Comments may be added in place of stsatements by preceding them
with a semi-colon e.g.

    10 ld a,(BASE)   ; Load numeric base

Semi-colons and everything following them up to the end of the line are
ignored by the assembler.


6.8 Relative addressing

Relative addressing is used by branch and djnz instructions. There are
two ways of specifying branch instructions:

       30 jr +$40
       90 jr MyLabel

The first allows you to specify the displacement explicitly. The
displacements must be in the range +$7f to -$80.

The second usage allows you to specify a 16 bit address, either
explicitly or, more commonly, by using a label. In both cases the
assembler will calculate the displacement for you.
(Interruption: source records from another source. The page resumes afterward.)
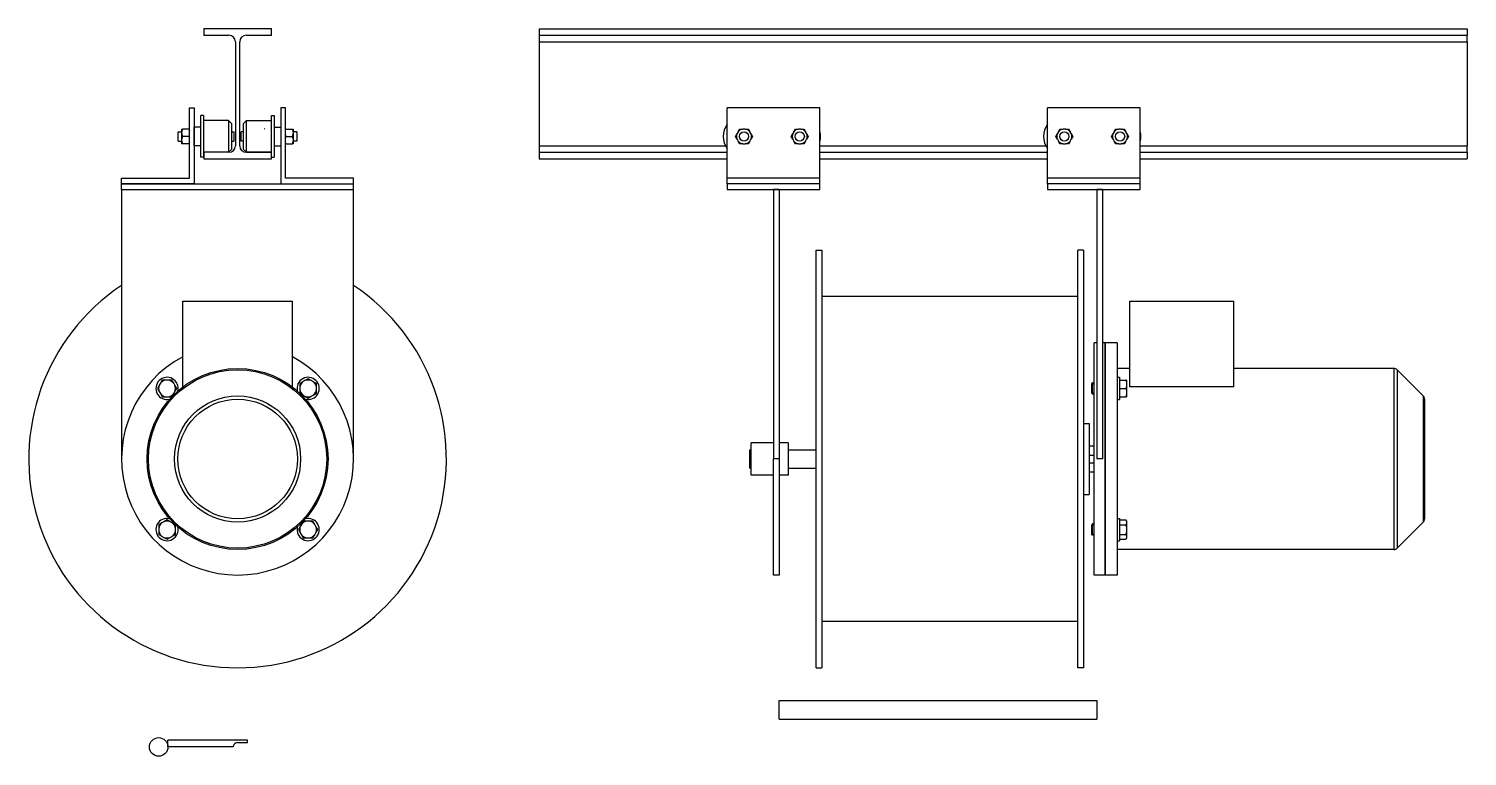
# Model space of a CAD drawing. Extents: x -8712 to 1826, y -2785 to 399.
# Drawn here: x 276 to 1826, y -2785 to -2001 of the extents above; entities that cross this region are included whole.
import ezdxf

# ---------------------------------------------------------------- set-up
doc = ezdxf.new("R2010")
doc.units = 0
doc.layers.get('0').update_dxf_attribs({"linetype": 'CONTINUOUS'})
doc.layers.add('OUTLINE', color=7, linetype='CONTINUOUS')

msp = doc.modelspace()

# ---------------------------------------------------------------- linework, layer by layer
at = {"color": 1}
for p, q in [((464.200752, -2000.818701), (464.200752, -2007.718701)), ((537.200752, -2000.818701), (464.200752, -2000.818701)), ((464.200752, -2007.718701), (491.350752, -2007.718701)), ((498.350752, -2014.718701), (498.350752, -2126.918701)), ((503.050752, -2126.918701), (503.050752, -2014.718701)), ((510.050752, -2007.718701), (537.200752, -2007.718701)), ((537.200752, -2007.718701), (537.200752, -2000.818701)), ((825.700752, -2000.818701), (825.700752, -2007.718701)), ((825.700752, -2000.818701), (1825.700752, -2000.818701)), ((825.700752, -2007.718701), (825.700752, -2014.718701)), ((825.700752, -2007.718701), (1825.700752, -2007.718701)), ((825.700752, -2014.718701), (825.700752, -2126.918701)), ((825.700752, -2014.718701), (1825.700752, -2014.718701)), ((1825.700752, -2000.818701), (1825.700752, -2007.718701)), ((1825.700752, -2014.718701), (1825.700752, -2007.718701)), ((1825.700752, -2014.718701), (1825.700752, -2126.918701)), ((448.758756, -2085.818302), (453.758756, -2085.818302)), ((448.758756, -2161.939475), (448.758756, -2085.818302)), ((453.758756, -2085.818302), (453.758756, -2167.939475)), ((547.396281, -2085.818302), (547.396281, -2167.939475)), ((552.396281, -2085.818302), (547.396281, -2085.818302)), ((552.396281, -2161.939475), (552.396281, -2085.818302)), ((1028.169833, -2161.939475), (1028.169833, -2085.818302)), ((1128.169833, -2085.818302), (1028.169833, -2085.818302)), ((1128.169833, -2161.939475), (1128.169833, -2085.818302)), ((1373.331627, -2161.939475), (1373.331627, -2085.818302)), ((1473.331627, -2085.818302), (1373.331627, -2085.818302)), ((1473.331627, -2161.939475), (1473.331627, -2085.818302)), ((454.005224, -2126.818302), (454.005224, -2106.818302)), ((461.005224, -2106.818302), (454.005224, -2106.818302)), ((461.005224, -2139.318302), (461.005224, -2094.318302)), ((464.005224, -2094.318302), (461.005224, -2094.318302)), ((464.005224, -2094.318302), (464.005224, -2139.318302)), ((491.005224, -2099.818302), (464.005224, -2099.818302)), ((491.005224, -2099.818302), (491.005224, -2133.818302)), ((491.005224, -2099.818302), (494.005224, -2102.818302)), ((494.005224, -2102.818302), (494.005224, -2130.818302)), ((510.149813, -2099.818302), (507.149813, -2102.818302)), ((507.149813, -2130.818302), (507.149813, -2102.818302)), ((510.149813, -2133.818302), (510.149813, -2099.818302)), ((510.149813, -2099.818302), (537.149813, -2099.818302)), ((537.149813, -2133.918701), (537.149813, -2094.318302)), ((537.149813, -2094.318302), (540.149813, -2094.318302)), ((540.149813, -2094.318302), (540.149813, -2139.318302)), ((540.149813, -2106.818302), (547.149813, -2106.818302)), ((547.149813, -2106.818302), (547.149813, -2126.818302)), ((436.514748, -2121.818302), (436.514748, -2111.818302)), ((436.514748, -2111.818302), (440.605224, -2111.818302)), ((436.514748, -2121.818302), (440.605222, -2121.818302)), ((440.621564, -2111.674436), (440.605222, -2111.836072)), ((440.605222, -2113.800533), (440.682951, -2114.433725)), ((440.682951, -2119.202879), (440.605222, -2119.836071)), ((440.605222, -2121.800532), (440.621565, -2121.962172)), ((440.605224, -2108.818302), (441.273574, -2108.818561)), ((440.605224, -2111.83606), (440.605224, -2108.818302)), ((440.605224, -2113.800528), (440.605224, -2111.836075)), ((440.605224, -2119.83606), (440.605224, -2113.800544)), ((440.605224, -2121.800528), (440.605224, -2119.836075)), ((440.605224, -2124.818302), (440.605224, -2121.800544)), ((440.72197, -2110.961891), (440.621564, -2111.674436)), ((440.621565, -2121.962172), (440.72197, -2122.674711)), ((440.682951, -2114.433725), (440.817798, -2115.170146)), ((440.817798, -2118.466458), (440.682951, -2119.202879)), ((440.875281, -2110.210791), (440.72197, -2110.961891)), ((440.72197, -2122.674711), (440.875281, -2123.425813)), ((440.817798, -2115.170146), (441.011207, -2115.957458)), ((441.011208, -2117.679145), (440.817798, -2118.466458)), ((441.090404, -2109.401291), (440.875281, -2110.210791)), ((440.875281, -2123.425813), (441.090404, -2124.235313)), ((441.011207, -2115.957458), (441.273574, -2116.817764)), ((441.273574, -2116.81884), (441.011208, -2117.679145)), ((441.273574, -2108.818561), (441.090404, -2109.401291)), ((448.336874, -2108.818302), (441.273574, -2108.818302)), ((441.273574, -2116.817764), (441.273574, -2116.81884)), ((448.336874, -2116.818302), (441.273574, -2116.818302)), ((448.758756, -2108.818318), (448.336874, -2108.818561)), ((448.336874, -2108.818561), (448.520044, -2109.401291)), ((448.59924, -2115.957458), (448.336874, -2116.817764)), ((448.336874, -2116.817764), (448.336874, -2116.81884)), ((448.336874, -2116.81884), (448.59924, -2117.679145)), ((448.520044, -2109.401291), (448.735167, -2110.210791)), ((448.735167, -2123.425813), (448.520044, -2124.235313)), ((448.758756, -2115.308117), (448.59924, -2115.957458)), ((448.59924, -2117.679145), (448.758756, -2118.328487)), ((448.735167, -2110.210791), (448.758756, -2110.326359)), ((448.758756, -2123.310244), (448.735167, -2123.425813)), ((453.758756, -2111.818302), (454.005224, -2111.818302)), ((453.758756, -2121.818302), (454.005224, -2121.818302)), ((494.005224, -2111.818302), (496.514748, -2111.818302)), ((494.005224, -2121.818302), (496.514748, -2121.818302)), ((496.514748, -2111.818302), (496.514748, -2121.818302)), ((504.640289, -2121.818302), (504.640289, -2111.818302)), ((507.149813, -2111.818302), (504.640289, -2111.818302)), ((507.149813, -2121.818302), (504.640289, -2121.818302)), ((529.890262, -2108.742853), (529.828558, -2108.804557)), ((529.890262, -2108.742853), (529.885042, -2108.748073)), ((529.890262, -2108.742853), (529.885042, -2108.748073)), ((529.890262, -2108.742853), (529.885042, -2108.748073)), ((547.396281, -2111.818302), (547.149813, -2111.818302)), ((547.396281, -2121.818302), (547.149813, -2121.818302)), ((552.818163, -2108.818561), (552.396281, -2108.818318)), ((552.396281, -2110.32636), (552.41987, -2110.210791)), ((552.555797, -2115.957459), (552.396281, -2115.308117)), ((552.396281, -2118.328487), (552.555797, -2117.679146)), ((552.41987, -2123.425813), (552.396281, -2123.310244)), ((552.41987, -2110.210791), (552.634993, -2109.401291)), ((552.634993, -2124.235313), (552.41987, -2123.425813)), ((552.818163, -2116.817764), (552.555797, -2115.957459)), ((552.555797, -2117.679146), (552.818163, -2116.81884)), ((552.634993, -2109.401291), (552.818163, -2108.818561)), ((552.818163, -2108.818302), (559.881463, -2108.818302)), ((552.818163, -2116.81884), (552.818163, -2116.817764)), ((552.818163, -2116.818302), (559.881463, -2116.818302)), ((559.881463, -2108.818561), (560.549813, -2108.818302)), ((560.064633, -2109.401291), (559.881463, -2108.818561)), ((559.881463, -2116.817764), (560.143829, -2115.957459)), ((559.881463, -2116.81884), (559.881463, -2116.817764)), ((560.14383, -2117.679146), (559.881463, -2116.81884)), ((560.279756, -2110.210791), (560.064633, -2109.401291)), ((560.064633, -2124.235313), (560.279756, -2123.425813)), ((560.143829, -2115.957459), (560.337239, -2115.170146)), ((560.337239, -2118.466458), (560.14383, -2117.679146)), ((560.433067, -2110.961893), (560.279756, -2110.210791)), ((560.279756, -2123.425813), (560.433067, -2122.674712)), ((560.337239, -2115.170146), (560.472086, -2114.433725)), ((560.472086, -2119.202879), (560.337239, -2118.466458)), ((560.533472, -2111.674432), (560.433067, -2110.961893)), ((560.433067, -2122.674712), (560.533473, -2121.962168)), ((560.472086, -2114.433725), (560.549815, -2113.800533)), ((560.549815, -2119.836071), (560.472086, -2119.202879)), ((560.549815, -2111.836072), (560.533472, -2111.674432)), ((560.533473, -2121.962168), (560.549815, -2121.800532)), ((560.549813, -2108.818302), (560.549813, -2111.83606)), ((564.640289, -2111.818302), (560.549813, -2111.818302)), ((560.549813, -2111.836075), (560.549813, -2113.800528)), ((560.549813, -2113.800544), (560.549813, -2119.83606)), ((560.549813, -2119.836075), (560.549813, -2121.800528)), ((560.549813, -2121.800544), (560.549813, -2124.818302)), ((564.640289, -2121.818302), (560.549813, -2121.818302)), ((564.640289, -2111.818302), (564.640289, -2121.818302)), ((1037.175809, -2116.817764), (1038.918131, -2113.800533)), ((1038.918131, -2119.836071), (1037.175809, -2116.817764)), ((1040.05231, -2111.836075), (1038.918132, -2113.800528)), ((1038.918132, -2119.836075), (1040.05231, -2121.800528)), ((1040.052313, -2111.836072), (1041.794151, -2108.818561)), ((1041.794151, -2124.818043), (1040.052313, -2121.800532)), ((1041.794151, -2108.818561), (1045.279229, -2108.818302)), ((1047.54762, -2108.818302), (1045.279229, -2108.818302)), ((1047.54762, -2108.818302), (1051.032698, -2108.818561)), ((1051.032698, -2108.818561), (1052.774536, -2111.836072)), ((1052.774536, -2121.800532), (1051.032698, -2124.818043)), ((1053.908716, -2113.800528), (1052.774539, -2111.836075)), ((1052.774539, -2121.800528), (1053.908716, -2119.836075)), ((1053.908718, -2113.800533), (1055.65104, -2116.81884)), ((1055.65104, -2116.81884), (1053.908718, -2119.836071)), ((1097.175809, -2116.817764), (1098.918131, -2113.800533)), ((1098.918131, -2119.836071), (1097.175809, -2116.817764)), ((1100.05231, -2111.836075), (1098.918132, -2113.800528)), ((1098.918132, -2119.836075), (1100.05231, -2121.800528)), ((1100.052313, -2111.836072), (1101.794151, -2108.818561)), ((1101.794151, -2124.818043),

Indexed addressing instructions using IX and IY can only use explicit
displacements e.g.

    10 ld (ix+$31),$77

Such displacements must be in the range +$7f to -$80.


6.9 Pseudo-ops

The following pseudo-ops are provided.

i)    org expr
      This specifies the start of the assembly address for the
      current code block. There should be at least one 'org' in the
      source code file. A maximum of 8 are allowed. Only blocks
      which produce at least 1 byte count towards this maximum
      with the exception of the last block which is always reported
      (giving an indication that the assembly has finished).
      If no org is given then a default assembly address of 0000
      is used. This ensures that RAM is not accidentally overwritten.

ii)   rorg expr
      This is the relocation address i.e. the location to which the
      generated code should eventually be moved and executed. The 'org'
      pseudo-op always makes the assembly address and the
      relocation address the same.

iii)  label: equ expr
      The equ pseudo op allows the value of an expression to be
      assigned to a label. For example:

      Wspace: equ $a000

      Allows the name/label 'Wspace' to be equivalent to specifying
      the number/address '$a000'.

      Although, like all pseudo-ops, equ ops can appear anywhere in the source
      they are usually put in a block at the start.

      Note that overwriting the value of an EQU label is allowed.

iv)   subr
      Increment the prefix value for local labels.

v )   byte expr,expr,expr,...
      Add a single byte at the current assembly position

vi)   word expr,expr,expr,...
      Add a 16-bit word at the current assembly position (lsb,msb)

vii)  text "string"
      Add a string of characters at the current assembly position.

viii) block expr
      Allows a block of bytes to be skipped. This is useful for
      defining buffer areas etc.


7 Error messages

Assembly will stop at the first error found in the source code.
The line number containing the error and the error type will
be displayed. The statement containing the error will also
be shown.

Errors types include:

  Bad Number
  Missing Label
  Bad Expression
  Bad Syntax
  Out Of Range   (displacements greater than +7f or lower than -$80)
  Invalid Label
  Too Many Orgs


8. Example program

The obligatory Hello World program.

  10 org $4000
  20 ld hl,Hw
  30 Loop: ld a,(hl)
  40 or a
  50 jr z,Exit
  60 rst $08
  70 inc hl
  80 jr Loop
  90 Exit: jp iy
  100 Hw: text "Hello World"
  110 byte $0d,$00


9. Disclaimer

THIS SOFTWARE IS PROVIDED "AS IS" AND ANY EXPRESSED OR IMPLIED
WARRANTIES, INCLUDING, BUT NOT LIMITED TO, THE IMPLIED WARRANTIES OF
MERCHANTABILITY AND FITNESS FOR A PARTICULAR PURPOSE ARE
DISCLAIMED. IN NO EVENT SHALL THE REGENTS OR CONTRIBUTORS BE LIABLE
FOR ANY DIRECT, INDIRECT, INCIDENTAL, SPECIAL, EXEMPLARY, OR
CONSEQUENTIAL DAMAGES (INCLUDING, BUT NOT LIMITED TO, PROCUREMENT OF
SUBSTITUTE GOODS OR SERVICES; LOSS OF USE, DATA, OR PROFITS; OR
BUSINESS INTERRUPTION) HOWEVER CAUSED AND ON ANY THEORY OF LIABILITY,
WHETHER IN CONTRACT, STRICT LIABILITY, OR TORT (INCLUDING NEGLIGENCE
OR OTHERWISE) ARISING IN ANY WAY OUT OF THE USE OF THIS SOFTWARE, EVEN
IF ADVISED OF THE POSSIBILITY OF SUCH DAMAGE.